Food waste juga bisa diolah untuk mengembalikan nilai ekonomisnya. Misalnya, sisa kulit buah bisa diolah menjadi makanan ringan dan sisa kulit hewan bercangkang (crustacea) bisa diolah menjadi bumbu penyedap. Sedangkan, sisa akar sayuran bisa ditumbuhkan kembali menjadi sayuran baru.
Namun, tidak semua food waste bisa diolah.

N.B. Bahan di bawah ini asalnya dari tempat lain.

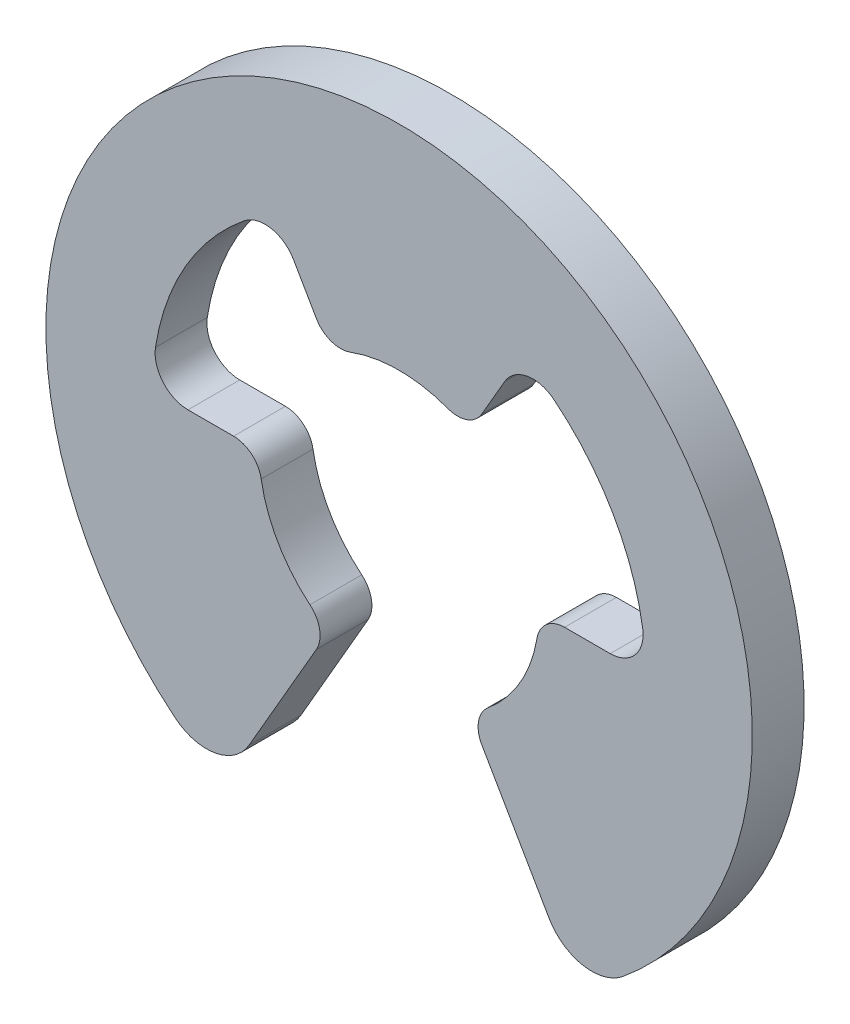
SolidWorks part; units mm, degrees
material "Plain Carbon Steel"
ref_plane "Front Plane" through (0, 0, 0) normal (0, 0, 1) x (1, 0, 0)
ref_plane "Top Plane" through (0, 0, 0) normal (0, 1, 0) x (1, 0, 0)
ref_plane "Right Plane" through (0, 0, 0) normal (1, 0, 0) x (0, 0, -1)
sketch "Sketch1" plane through (0, 0, 0) normal (0, 0, 1) x (1, 0, 0)
  line L0 (-2.0217, -3.5017) -> (-1.1157, -1.9325)
  line L1 (-2.2315, 0) -> (-2.8467, 0)
  line L2 (-1.4233, 2.4653) -> (-1.1157, 1.9325)
  line L3 (1.1157, 1.9325) -> (1.4233, 2.4653)
  line L4 (2.8467, 0) -> (2.2315, 0)
  line L5 (1.1157, -1.9325) -> (2.0217, -3.5017)
  arc A0 (3.0189, -3.6834) -> (-3.0189, -3.6834) centre (0, 0) ccw
  arc A1 (-3.0189, -3.6834) -> (-2.0217, -3.5017) centre (-2.5975, -3.1692) ccw
  arc A2 (-1.1157, -1.9325) -> (-1.202, -1.4533) centre (-1.4424, -1.7439) ccw
  arc A3 (-1.202, -1.4533) -> (-1.8596, -0.3143) centre (0, 0) cw
  arc A4 (-1.8596, -0.3143) -> (-2.2315, 0) centre (-2.2315, -0.3772) ccw
  arc A5 (-2.8467, 0) -> (-3.2846, 0.5114) centre (-2.8467, 0.4432) cw
  arc A6 (-3.2846, 0.5114) -> (-2.0852, 2.5889) centre (0, 0) cw
  arc A7 (-2.0852, 2.5889) -> (-1.4233, 2.4653) centre (-1.8072, 2.2437) cw
  arc A8 (-1.1157, 1.9325) -> (-0.6576, 1.7676) centre (-0.7891, 2.1211) ccw
  arc A9 (-0.6576, 1.7676) -> (0.6576, 1.7676) centre (0, 0) cw
  arc A10 (0.6576, 1.7676) -> (1.1157, 1.9325) centre (0.7891, 2.1211) ccw
  arc A11 (1.4233, 2.4653) -> (2.0852, 2.5889) centre (1.8072, 2.2437) cw
  arc A12 (2.0852, 2.5889) -> (3.2846, 0.5114) centre (0, 0) cw
  arc A13 (3.2846, 0.5114) -> (2.8467, 0) centre (2.8467, 0.4432) cw
  arc A14 (2.2315, 0) -> (1.8596, -0.3143) centre (2.2315, -0.3772) ccw
  arc A15 (1.8596, -0.3143) -> (1.202, -1.4533) centre (0, 0) cw
  arc A16 (1.202, -1.4533) -> (1.1157, -1.9325) centre (1.4424, -1.7439) ccw
  arc A17 (2.0217, -3.5017) -> (3.0189, -3.6834) centre (2.5975, -3.1692) ccw
extrude "Boss-Extrude1" add sketch "Sketch1" against normal blind 0.3493 and the other way blind 0.3493
ref_plane "RR XY" through (0, 0, 0) normal (0, 0, 1) x (1, 0, 0)
ref_plane "RR XZ" through (0, 0, 0) normal (0, -1, 0) x (-1, 0, 0)
ref_plane "RR YZ" through (0, 0, 0) normal (1, 0, 0) x (0, 0, -1)
ref_axis "RR X" through (-80.9, 0, 0) along (1, 0, 0)
ref_axis "RR Y" through (0, -50, 0) along (0, 1, 0)
ref_axis "RR Z" through (0, 0, 80.9) along (0, 0, -1)
sketch3d "RR"
  point P0 (0, 0, 0)
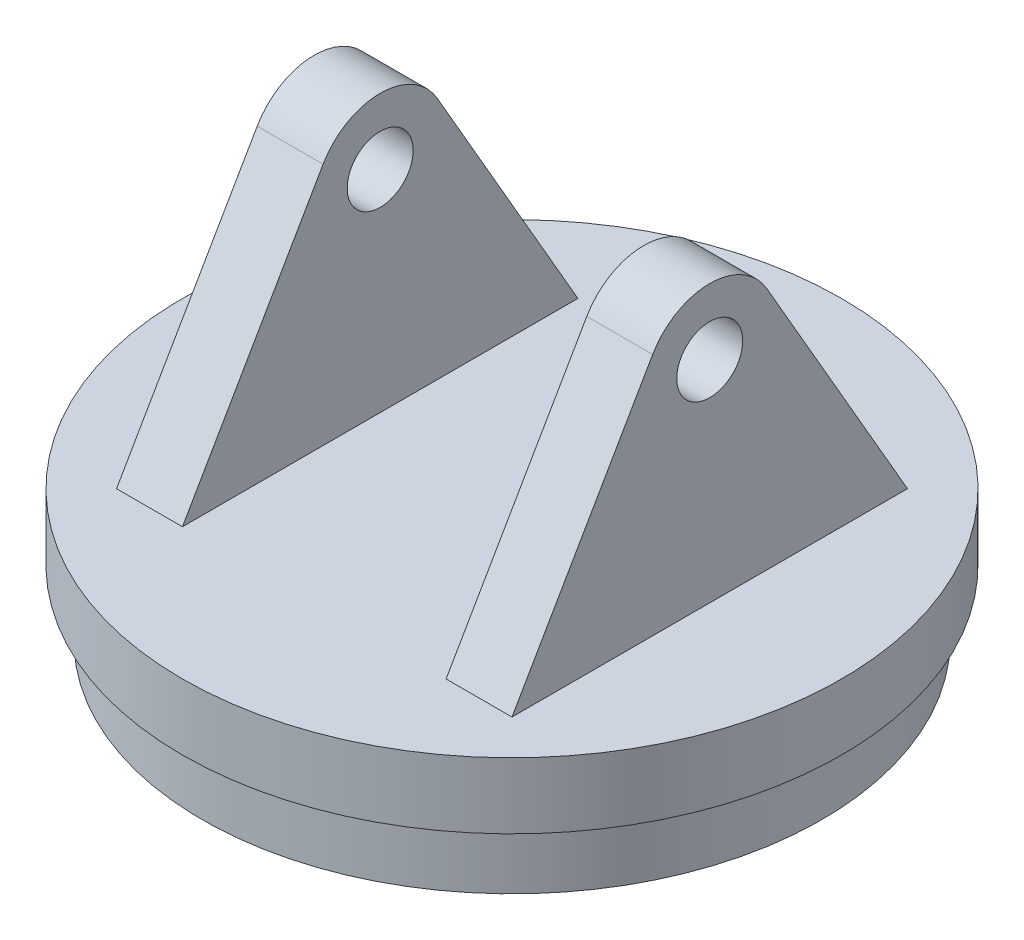
SolidWorks part; units mm, degrees
ref_plane "Front Plane" through (0, 0, 0) normal (0, 0, 1) x (1, 0, 0)
ref_plane "Top Plane" through (0, 0, 0) normal (0, 1, 0) x (1, 0, 0)
ref_plane "Right Plane" through (0, 0, 0) normal (1, 0, 0) x (0, 0, -1)
sketch "Sketch1" plane through (0, 0, 0) normal (0, 1, 0) x (1, 0, 0)
  circle A0 centre (0, 0) radius 50
  dimension "D1" = 100
extrude "Boss-Extrude1" add sketch "Sketch1" along normal blind 10
sketch "Sketch2" plane through (0, 0, 0) normal (1, 0, 0) x (0, 0, -1)
  line L0 (30, 10) -> (8.6603, 46.9615)
  line L1 (50, 10) -> (-50, 10) construction
  line L2 (-8.6603, 46.9615) -> (-30, 10)
  line L3 (30, 10) -> (-30, 10)
  line L4 (0, 10) -> (0, 58.7286) construction
  line L5 (0, 5.5) -> (0, -5.5) construction
  arc A0 (-8.6603, 46.9615) -> (8.6603, 46.9615) centre (0, 41.9615) cw
  circle A1 centre (0, 41.9615) radius 5
  point P14 (0, 61.9615)
  dimension "D4" = 10
  dimension "D5" = 10
  dimension "D1" = 60
  dimension "D2" = 60
  dimension "D3" = 60
extrude "Boss-Extrude2" add sketch "Sketch2" along normal blind 10 from offset 20
extrude "Boss-Extrude3" add sketch "Sketch2<2>" against normal blind 10 from offset 20 offset against normal yes
sketch "Sketch2<2>" plane through (0, 0, 0) normal (1, 0, 0) x (0, 0, -1) same geometry as "Sketch2"
sketch "Sketch3" plane through (0, 0, 0) normal (0, -1, 0) x (1, 0, 0)
  circle A2 centre (0, 0) radius 47
  circle A3 centre (0, 0) radius 47
  dimension "D1" = 3
extrude "Boss-Extrude4" add sketch "Sketch3" along normal blind 10
sketch "Sketch4" plane through (0, -10, 0) normal (0, -1, 0) x (1, 0, 0)
  circle A0 centre (0, 0) radius 2.5
  dimension "D1" = 5
extrude "Cut-Extrude1" cut sketch "Sketch4" against normal blind 10

Sisa makanan yang mengandung bahan berbahaya, seperti minyak jelantah, bisa mengakibatkan gas dan bau pada kompos dan biopori. Begitu juga dengan sisa makanan yang terkontaminasi dengan sampah jenis lainnya, seperti yang disimpan dalam kantong plastik, atau yang sudah terkena air liur.
Bahaya Buruknya Pengelolaan Sampah Pada Masa Pandemi
Selama pandemi COVID-19, jumlah food waste bertambah kala masyarakat lebih memilih untuk mengonsumsi makanan buatan rumah yang bisa dinilai sendiri kebersihannya. Menurut Ikbal, semua sampah, termasuk food waste, baik dari orang tanpa gejala hingga pasien positif korona harus digolongkan ke dalam sampah medis. Sayangnya, di Indonesia belum ada budaya pemilahan sampah.
“Sebaiknya semua sampah medis dijadikan dalam satu wadah, diikat, dan dilabeli sampah medis. Jadi ketika dibuang, siapapun yang menerima itu tidak akan membuka, dan akan diproses sebagaimana mestinya. Biasanya dibakar dengan suhu tinggi,” saran Ikbal.
Jika tidak dikelola dengan baik, food waste dari pasien positif korona juga bisa menjadi sarana penyebaran virus. Hal ini paling berpengaruh kepada pemulung dan orang-orang yang bekerja, baik di Tempat Pembuangan Akhir (TPA) maupun di bank sampah. Karena terpapar berbagai jenis sampah dari banyak sumber, mereka mempunyai potensi lebih besar untuk terjangkit virus korona.